Re: Collective Delusion.
@Stevie, et al:
I looked up the definition of religion and found it wanting. For the first time in memory, the OED disappointed. Previous definitions that I was familiar with made a subtle distinction between belief and worship, and organized ritual practice, with the latter being a key attribute of religion..
That this is a useful distinction seems clear, given the long history of different sects who believe in and worship the same God slaughtering one another under different religious banners. But, the OED, being divinely inspired and inerrant . . .
Atheism is not a religion, but it is--in a very real sense--a theological position. (Namely, that there ain't no Theos.) This is a position that a rational person can take. However, other theological positions can also be rationally taken.
In that regard the statement
The real difference (for me) between anyone's religion and my atheism is that I *never* stop to say "this event could only be possible in the complete absence of a creator"
strikes me as less a statement of difference between believer and atheist than a fine distinction between authoritarian fundamentalism (on either side) and willingness to confront what Einstein characterized as "the central mystery" of the universe on its own terms. As a general rule, I've found most atheists to be of a fundamentalist mindset, asserting proof for the non-existence of anything transcending human knowledge. Nice to learn that there is a more open-minded breed of atheist out there.

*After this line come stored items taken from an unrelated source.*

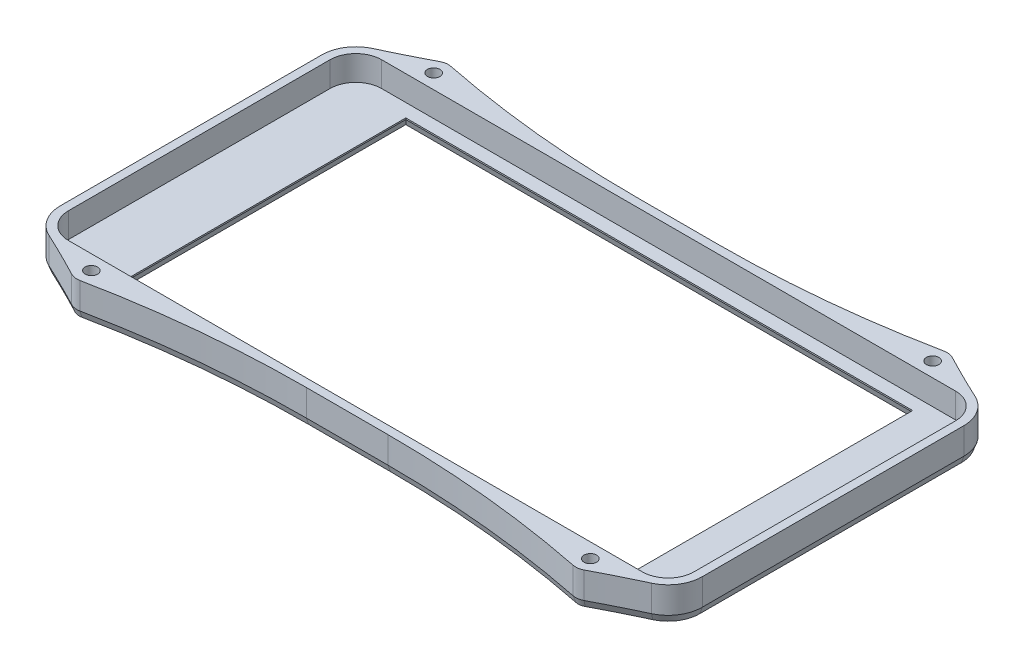
from build123d import *

# Parameters (mm, degrees)
EXTRUDE_1_DEPTH     = 2
EXTRUDE_2_DEPTH     = 8
SKETCH_6_R          = 3.5
SKETCH_6_R_2        = 1.5
EXTRUDE_10_DEPTH    = 8
SKETCH_7_W          = 121.7
SKETCH_7_H          = 68.8
CUT_EXTRUDE_1_DEPTH = 10
FILLET_1_R          = 250
SKETCH_6_2_R        = 1.5
EXTRUDE_11_DEPTH    = 1.5
CUT_EXTRUDE_4_DEPTH = 1.5
SKETCH_10_5_W       = 0.697572757
SKETCH_10_5_H       = 3.459391428
SKETCH_10_5_W_2     = 0.553502628
SKETCH_10_5_W_3     = 0.441214251
SKETCH_10_5_H_2     = 2.30447035
CUT_EXTRUDE_5_DEPTH = 0.6
CHAMFER_1_SIZE      = 0.6
CHAMFER_1_SIZE2     = 1.648486452


with BuildPart() as part:
    # 草图1 → 凸台-拉伸1 (new body)
    with BuildSketch(Plane(origin=(0, 0, 0), x_dir=(1, 0, 0), z_dir=(0, 1, 0))):
        with BuildLine():
            Line((6, 0.2), (143.8, 0.2))
            ThreePointArc((143.8, 0.2), (148.184062043, -1.615937957), (150, -6))
            Line((150, -6), (150, -68.8))
            ThreePointArc((150, -68.8), (148.184062043, -73.184062043), (143.8, -75))
            Line((143.8, -75), (6, -75))
            ThreePointArc((6, -75), (1.615937957, -73.184062043), (-0.2, -68.8))
            Line((-0.2, -68.8), (-0.2, -6))
            ThreePointArc((-0.2, -6), (1.615937957, -1.615937957), (6, 0.2))
        make_face()
    extrude(amount=EXTRUDE_1_DEPTH)

    # 草图1<5> → 拉伸-薄壁2 (add)
    with BuildSketch(Plane(origin=(0, 0, 0), x_dir=(1, 0, 0), z_dir=(0, 1, 0))):
        with BuildLine():
            Line((6, 2.2), (143.8, 2.2))
            ThreePointArc((143.8, 2.2), (149.598275606, -0.201724394), (152, -6))
            Line((152, -6), (152, -68.8))
            ThreePointArc((152, -68.8), (149.598275606, -74.598275606), (143.8, -77))
            Line((143.8, -77), (6, -77))
            ThreePointArc((6, -77), (0.201724394, -74.598275606), (-2.2, -68.8))
            Line((-2.2, -68.8), (-2.2, -6))
            ThreePointArc((-2.2, -6), (0.201724394, -0.201724394), (6, 2.2))
        make_face()
        with BuildLine():
            Line((6, 0.2), (143.8, 0.2))
            ThreePointArc((143.8, 0.2), (148.184062043, -1.615937957), (150, -6))
            Line((150, -6), (150, -68.8))
            ThreePointArc((150, -68.8), (148.184062043, -73.184062043), (143.8, -75))
            Line((143.8, -75), (6, -75))
            ThreePointArc((6, -75), (1.615937957, -73.184062043), (-0.2, -68.8))
            Line((-0.2, -68.8), (-0.2, -6))
            ThreePointArc((-0.2, -6), (1.615937957, -1.615937957), (6, 0.2))
        make_face(mode=Mode.SUBTRACT)
    extrude(amount=EXTRUDE_2_DEPTH)

    # 草图6 → 凸台-拉伸10 (add)
    # profile 1 of 4: a face of its own
    with BuildSketch(Plane(origin=(0, 0, 0), x_dir=(1, 0, 0), z_dir=(0, 1, 0))):
        with Locations((15, 3.7)):
            Circle(SKETCH_6_R)
        with Locations(Location((15, 3.7, 0), (0, 0, 90))):
            Circle(SKETCH_6_R_2, mode=Mode.SUBTRACT)
    # profile 2 of 4: a face of its own
    with BuildSketch(Plane(origin=(0, 0, 0), x_dir=(1, 0, 0), z_dir=(0, 1, 0))):
        with Locations((15, -78.5)):
            Circle(SKETCH_6_R)
        with Locations(Location((15, -78.5, 0), (0, 0, 90))):
            Circle(SKETCH_6_R_2, mode=Mode.SUBTRACT)
    # profile 3 of 4: a face of its own
    with BuildSketch(Plane(origin=(0, 0, 0), x_dir=(1, 0, 0), z_dir=(0, 1, 0))):
        with Locations((134.8, 3.7)):
            Circle(SKETCH_6_R)
        with Locations(Location((134.8, 3.7, 0), (0, 0, 90))):
            Circle(SKETCH_6_R_2, mode=Mode.SUBTRACT)
    # profile 4 of 4: a face of its own
    with BuildSketch(Plane(origin=(0, 0, 0), x_dir=(1, 0, 0), z_dir=(0, 1, 0))):
        with Locations((134.8, -78.5)):
            Circle(SKETCH_6_R)
        with Locations(Location((134.8, -78.5, 0), (0, 0, 90))):
            Circle(SKETCH_6_R_2, mode=Mode.SUBTRACT)
    extrude(amount=EXTRUDE_10_DEPTH)

    # 草图7 → 切除-拉伸1 (cut)
    with BuildSketch(Plane(origin=(0, 0, 0), x_dir=(-1, 0, 0), z_dir=(0, -1, 0))):
        with Locations((-75.85, -37.4)):
            Rectangle(SKETCH_7_W, SKETCH_7_H)
    extrude(amount=-CUT_EXTRUDE_1_DEPTH, mode=Mode.SUBTRACT)

    # 圆角1
    fillet_1_edges = [part.edges().sort_by_distance(p)[0] for p in [
        (18.16227766, 4, 77),
        (11.83772234, 4, 77),
        (137.96227766, 4, 77),
        (131.63772234, 4, 77),
        (131.63772234, 4, -2.2),
        (137.96227766, 4, -2.2),
        (11.83772234, 4, -2.2),
        (18.16227766, 4, -2.2),
    ]]
    fillet(fillet_1_edges, radius=FILLET_1_R)

    # 草图6<2> → 凸台-拉伸11 (add)
    with BuildSketch(Plane(origin=(0, 0, 0), x_dir=(1, 0, 0), z_dir=(0, 1, 0))):
        with Locations(Location((15, 3.7, 0), (0, 0, 90))):
            Circle(SKETCH_6_2_R)
        with Locations(Location((15, -78.5, 0), (0, 0, 90))):
            Circle(SKETCH_6_2_R)
        with Locations(Location((134.8, 3.7, 0), (0, 0, 90))):
            Circle(SKETCH_6_2_R)
        with Locations(Location((134.8, -78.5, 0), (0, 0, 90))):
            Circle(SKETCH_6_2_R)
    extrude(amount=EXTRUDE_11_DEPTH)

    # 草图10 → 切除-拉伸4 (cut)
    with BuildSketch(Plane.XZ):
        with BuildLine():
            Line((5.571127469, 39.660442156), (-0.277638416, 33.811676271))
            Line((-0.277638416, 33.811676271), (0.957224649, 33.811676271))
            Line((0.957224649, 33.811676271), (6.106730727, 38.961182348))
            Line((6.106730727, 38.961182348), (12.481897273, 32.586015802))
            Line((12.481897273, 32.586015802), (13.828976111, 32.586015802))
            Line((13.828976111, 32.586015802), (6.590261445, 39.660442156))
            Line((6.590261445, 39.660442156), (6.590261445, 41.170545784))
            Line((6.590261445, 41.170545784), (8.885172623, 41.170545784))
            ThreePointArc((8.885172623, 41.170545784), (9.169711853, 41.455085014), (8.885172623, 41.739624244))
            Line((8.885172623, 41.739624244), (5.812892829, 41.739624244))
            ThreePointArc((5.812892829, 41.739624244), (5.641938904, 41.66881281), (5.571127469, 41.497858885))
            Line((5.571127469, 41.497858885), (5.571127469, 39.660442156))
        make_face()
        Polygon((12.64711827, 41.973363919), (12.805045211, 41.973363919), (12.805045211, 42.780222079), (12.726081741, 42.827309898), (12.42887586, 42.827309898), (10.806902843, 44.449282916), (10.806902843, 44.132307585), (12.219623225, 42.719587202), (10.834641668, 41.334605645), (10.834641668, 41.017888001), (12.42887586, 42.612122193), (12.64711827, 42.612122193), align=None)
    extrude(amount=-CUT_EXTRUDE_4_DEPTH, mode=Mode.SUBTRACT)

    # 草图10<5> → 切除-拉伸5 (cut)
    # profile 1 of 11: a face of its own
    with BuildSketch(Plane.XZ):
        Polygon((6.590261445, 39.660442156), (13.828976111, 32.586015802), (13.828976111, 35.667004219), (8.325434547, 41.170545784), (6.590261445, 41.170545784), align=None)
    # profile 2 of 11: a face of its own
    with BuildSketch(Plane.XZ):
        Polygon((-1.503298885, 35.667004219), (-1.503298885, 32.586015802), (5.571127469, 39.660442156), (5.571127469, 41.095548376), (3.925245273, 41.095548376), align=None)
    # profile 3 of 11: a face of its own
    with BuildSketch(Plane.XZ):
        with Locations((13.15383159, 42.719587202)):
            Rectangle(SKETCH_10_5_W, SKETCH_10_5_H)
    # profile 4 of 11: a face of its own
    with BuildSketch(Plane.XZ):
        Polygon((11.431005121, 41.017888001), (12.64711827, 42.23400115), (12.64711827, 42.612122193), (12.42887586, 42.612122193), (10.834641668, 41.017888001), align=None)
    # profile 5 of 11: a face of its own
    with BuildSketch(Plane.XZ):
        Polygon((12.42887586, 42.827309898), (12.64711827, 42.827309898), (12.64711827, 43.22875954), (11.431005121, 44.44487269), (10.806902843, 44.449282916), align=None)
    # profile 6 of 11: a face of its own
    with BuildSketch(Plane.XZ):
        with Locations((10.075685028, 42.719587202)):
            Rectangle(SKETCH_10_5_W_2, SKETCH_10_5_H)
    # profile 7 of 11: a face of its own
    with BuildSketch(Plane.XZ):
        with Locations((8.850383878, 43.297047741)):
            Rectangle(SKETCH_10_5_W_3, SKETCH_10_5_H_2)
    # profile 8 of 11: a face of its own
    with BuildSketch(Plane.XZ):
        with BuildLine():
            Line((2.226409005, 43.276038377), (0.553713614, 43.276038377))
            add(Edge.make_bspline(
                [(1.644432546, 41.978861933), (1.566711702, 41.978724516), (1.452221709, 41.987444356), (1.305065674, 42.018772372), (1.20297698, 42.052616889), (1.106437917, 42.094600761), (1.015851526, 42.146374591), (0.932005805, 42.208654396), (0.851960171, 42.278215044), (0.781755621, 42.361235021), (0.719494043, 42.455254135), (0.668278484, 42.562455772), (0.626603413, 42.681732888), (0.592918167, 42.813010077), (0.561613132, 43.012000734), (0.55361651, 43.168297666), (0.553713614, 43.276038377)],
                knots=[0, 0, 0, 0, 0.120486154, 0.177350141, 0.232866661, 0.286955745, 0.34034489, 0.394223743, 0.448695149, 0.504379338, 0.56222843, 0.623097026, 0.688047874, 0.757874258, 0.832940742, 1, 1, 1, 1], degree=3))
            add(Edge.make_bspline(
                [(2.830199843, 43.226176941), (2.830205916, 43.134662526), (2.820293896, 43.000171838), (2.786078635, 42.827768949), (2.749089372, 42.709039809), (2.701824625, 42.598163845), (2.643142636, 42.495190823), (2.575879449, 42.398698678), (2.496547912, 42.311973601), (2.410680459, 42.23347486), (2.318235451, 42.16483292), (2.219346888, 42.108466198), (2.115885186, 42.059735147), (2.0059038, 42.023633793), (1.849128316, 41.988620292), (1.727095891, 41.979161916), (1.644432546, 41.978861933)],
                knots=[0, 0, 0, 0, 0.141620464, 0.208078497, 0.271649737, 0.333774745, 0.394254952, 0.454816592, 0.515440902, 0.575767288, 0.634699447, 0.693235438, 0.751688555, 0.811433572, 0.871995213, 1, 1, 1, 1], degree=3))
            add(Edge.make_bspline(
                [(1.644432546, 44.473491948), (1.727133935, 44.473333627), (1.849309941, 44.463444902), (2.006258275, 44.429030905), (2.116251581, 44.392233568), (2.219974004, 44.344129668), (2.319003385, 44.287489424), (2.411450493, 44.218879699), (2.497376078, 44.140410924), (2.576327959, 44.053688391), (2.64431226, 43.958083959), (2.701616102, 43.854701297), (2.749162391, 43.744135163), (2.78605331, 43.625351614), (2.820388364, 43.452719726), (2.83009654, 43.317933767), (2.830199843, 43.226176941)],
                knots=[0, 0, 0, 0, 0.127972663, 0.188911288, 0.248260192, 0.307063691, 0.365584991, 0.424502361, 0.484813608, 0.545422703, 0.605641492, 0.665909877, 0.728019294, 0.79157458, 0.858015935, 1, 1, 1, 1], degree=3))
            add(Edge.make_bspline(
                [(1.644432546, 44.473491948), (1.134188378, 44.499685644), (0.671355442, 44.285732475)],
                knots=[0, 0, 0, 1, 1, 1], degree=2))
            Line((0.671355442, 44.285732475), (0.822989761, 43.838537712))
            add(Edge.make_bspline(
                [(1.644432546, 44.002145552), (1.215019372, 44.011494044), (0.822989761, 43.838537712)],
                knots=[0, 0, 0, 1, 1, 1], degree=2))
            add(Edge.make_bspline(
                [(2.226409005, 43.276038377), (2.227385286, 43.338026107), (2.221699745, 43.427379273), (2.203721411, 43.540802377), (2.185428788, 43.615385161), (2.160346038, 43.682314857), (2.131005083, 43.74230618), (2.09559935, 43.794541455), (2.041683855, 43.852885543), (1.966172147, 43.912178734), (1.832545283, 43.98338782), (1.719323564, 44.002296574), (1.644432546, 44.002145552)],
                knots=[0, 0, 0, 0, 0.176057164, 0.253825871, 0.326136782, 0.393854395, 0.456561131, 0.515511967, 0.572451452, 0.681712628, 0.786682582, 1, 1, 1, 1], degree=3))
        make_face()
        with BuildLine():
            Line((1.178539745, 42.845983484), (2.205373712, 42.845983484))
            add(Edge.make_bspline(
                [(1.685724049, 42.42995212), (1.73899164, 42.430050539), (1.818863898, 42.442207298), (1.918861528, 42.482229458), (1.99047919, 42.524739295), (2.057694796, 42.580938715), (2.139029693, 42.684694123), (2.182210833, 42.778440473), (2.205373712, 42.845983484)],
                knots=[0, 0, 0, 0, 0.223313573, 0.334801165, 0.450099962, 0.571478619, 0.700127295, 1, 1, 1, 1], degree=3))
            add(Edge.make_bspline(
                [(1.178539745, 42.845983484), (1.18995993, 42.7820456), (1.217933055, 42.690984866), (1.28443672, 42.588532515), (1.345123476, 42.529601175), (1.416599422, 42.484939357), (1.528715738, 42.440263229), (1.621992117, 42.429544766), (1.685724049, 42.42995212)],
                knots=[0, 0, 0, 0, 0.269610706, 0.388375219, 0.502502321, 0.617120294, 0.735396465, 1, 1, 1, 1], degree=3))
        make_face(mode=Mode.SUBTRACT)
    # profile 9 of 11: a face of its own
    with BuildSketch(Plane.XZ):
        with BuildLine():
            Line((7.319954366, 44.392155706), (7.207160016, 44.420181156))
            add(Edge.make_bspline(
                [(7.874724026, 42.14481051), (7.498041908, 42.051502165), (6.905296116, 42.020716461), (6.379896935, 42.162314815), (6.008686099, 42.391116728), (5.771910898, 42.883589689), (5.78389815, 43.758558066), (5.988124863, 44.176623215), (6.45392105, 44.439625167), (6.837345199, 44.505916494), (7.049764631, 44.454930786), (7.207160016, 44.420181156)],
                knots=[0, 0, 0, 0, 0.248699018, 0.269163178, 0.292864367, 0.485710908, 0.623698159, 0.822274913, 0.850786427, 0.908813291, 1, 1, 1, 1], degree=3))
            Line((7.874724026, 42.14481051), (7.894323604, 45.234926749))
            Line((7.894323604, 45.234926749), (7.319954366, 45.234926749))
            Line((7.319954366, 45.234926749), (7.319954366, 44.392155706))
        make_face()
        with BuildLine():
            Line((7.319954366, 43.894154635), (7.319954366, 42.581725319))
            add(Edge.make_bspline(
                [(7.319954366, 42.581725319), (7.073411833, 42.462903878), (6.449364115, 42.59348675), (6.363450846, 43.246008638), (6.364528772, 43.79599664), (6.860733263, 44.032222825), (7.231655128, 43.960897666), (7.319954366, 43.894154635)],
                knots=[0, 0, 0, 0, 0.259397994, 0.395260335, 0.549467569, 0.69629813, 0.820988749, 0.820988749, 0.820988749, 0.820988749], degree=3))
        make_face(mode=Mode.SUBTRACT)
    # profile 10 of 11: a face of its own
    with BuildSketch(Plane.XZ):
        with BuildLine():
            Line((4.680520894, 44.400728523), (4.624332659, 44.384278529))
            add(Edge.make_bspline(
                [(5.223191818, 42.149154138), (4.8465097, 42.055845793), (4.253453722, 42.024197462), (3.731152348, 42.166153737), (3.380699473, 42.373534458), (3.113051294, 42.891728783), (3.136043644, 43.768294328), (3.332263455, 44.15385888), (3.793004774, 44.427568402), (4.171969833, 44.531259829), (4.466937274, 44.41902816), (4.624332659, 44.384278529)],
                knots=[0, 0, 0, 0, 0.26204213, 0.283604225, 0.306987272, 0.495872599, 0.631025486, 0.825523322, 0.853465846, 0.910450726, 1, 1, 1, 1], degree=3))
            Line((5.223191818, 42.149154138), (5.249118727, 45.234926749))
            Line((5.249118727, 45.234926749), (4.680520894, 45.234926749))
            Line((4.680520894, 45.234926749), (4.680520894, 44.400728523))
        make_face()
        with BuildLine():
            Line((4.659594719, 43.894213096), (4.659594719, 42.581783781))
            add(Edge.make_bspline(
                [(4.659594719, 42.581783781), (4.413052186, 42.46296234), (3.789004468, 42.593545211), (3.703091199, 43.246067099), (3.704169125, 43.796055101), (4.200373617, 44.032281287), (4.571295481, 43.960956127), (4.659594719, 43.894213096)],
                knots=[0, 0, 0, 0, 0.259397994, 0.395260335, 0.549467569, 0.69629813, 0.820988749, 0.820988749, 0.820988749, 0.820988749], degree=3))
        make_face(mode=Mode.SUBTRACT)
    # profile 11 of 11: a face of its own
    with BuildSketch(Plane.XZ):
        with BuildLine():
            Line((-1.302594887, 42.246920324), (-1.264287112, 42.131997))
            add(Edge.make_bspline(
                [(0.114792777, 42.246920324), (-0.343371404, 42.062996391), (-0.723012207, 42.0487839), (-1.264287112, 42.131997)],
                knots=[0, 0, 0, 0, 0.886160748, 0.886160748, 0.886160748, 0.886160748], degree=3))
            Line((0.114792777, 42.246920324), (0.114792777, 44.449282916))
            Line((0.114792777, 44.449282916), (-0.457738977, 44.449282916))
            Line((-0.457738977, 44.449282916), (-0.421516069, 42.591690296))
            Line((-0.421516069, 42.591690296), (-1.264287112, 42.612122193))
            Line((-1.264287112, 42.612122193), (-1.302594887, 42.246920324))
        make_face()
    extrude(amount=-CUT_EXTRUDE_5_DEPTH, mode=Mode.SUBTRACT)

    # 倒角1
    chamfer_1_edges = [part.edges().sort_by_distance(p)[0] for p in [
        (136.7, 0, 37.4),
        (75.85, 0, 71.8),
        (15, 0, 37.4),
        (75.85, 0, 3),
        (14.502874151, 0, 81.964515246),
        (74.9, 0, 77),
        (135.297125849, 0, 81.964515246),
        (150.714252509, 0, 73.20830038),
        (135.297125849, 0, -7.164515246),
        (74.9, 0, -2.2),
        (14.502874151, 0, -7.164515246),
        (-0.914252509, 0, 1.59169962),
        (7.988030543, 0, 78.850628869),
        (40.273083878, 0, 78.235796001),
        (141.811969457, 0, 78.850628869),
        (109.526916122, 0, 78.235796001),
        (141.811969457, 0, -4.050628869),
        (109.526916122, 0, -3.435796001),
        (7.988030543, 0, -4.050628869),
        (40.273083878, 0, -3.435796001),
        (-2.2, 0, 37.4),
        (-0.914252509, 0, 73.20830038),
        (152, 0, 37.4),
        (150.714252509, 0, 1.59169962),
    ]]
    chamfer_1_side = [part.faces().sort_by_distance(p)[0] for p in [
        (0.58783664, 0, 72.250617658),
    ]]
    chamfer(chamfer_1_edges, length=CHAMFER_1_SIZE, length2=CHAMFER_1_SIZE2, reference=chamfer_1_side[0])


solid = part.part

I think on the whole the normal distribution of humankind tends to the authoritarian end of the scale. Their belief in the authority is categorical proof of the rightness of their belief. (See [St. Paul] [Dawkins] says right there that . . . ) As a result they tend to be the most numerous and loudest voices in any theological debate.
This tends to drown out the voices of millions who are open to wonder and to the idea that there may be mysteries that transcend human understanding. (Not talking New Age crystals, here. Rather, those unanswerable whys Stevie raises--Schoedinger's Cat is dead, but WHY did it die? We can't know and that's a main point of that thought experiment.)
That's why, without being evangelical on the point, it seems to me that devout agnosticism is the most constructive metaphysical position to assume.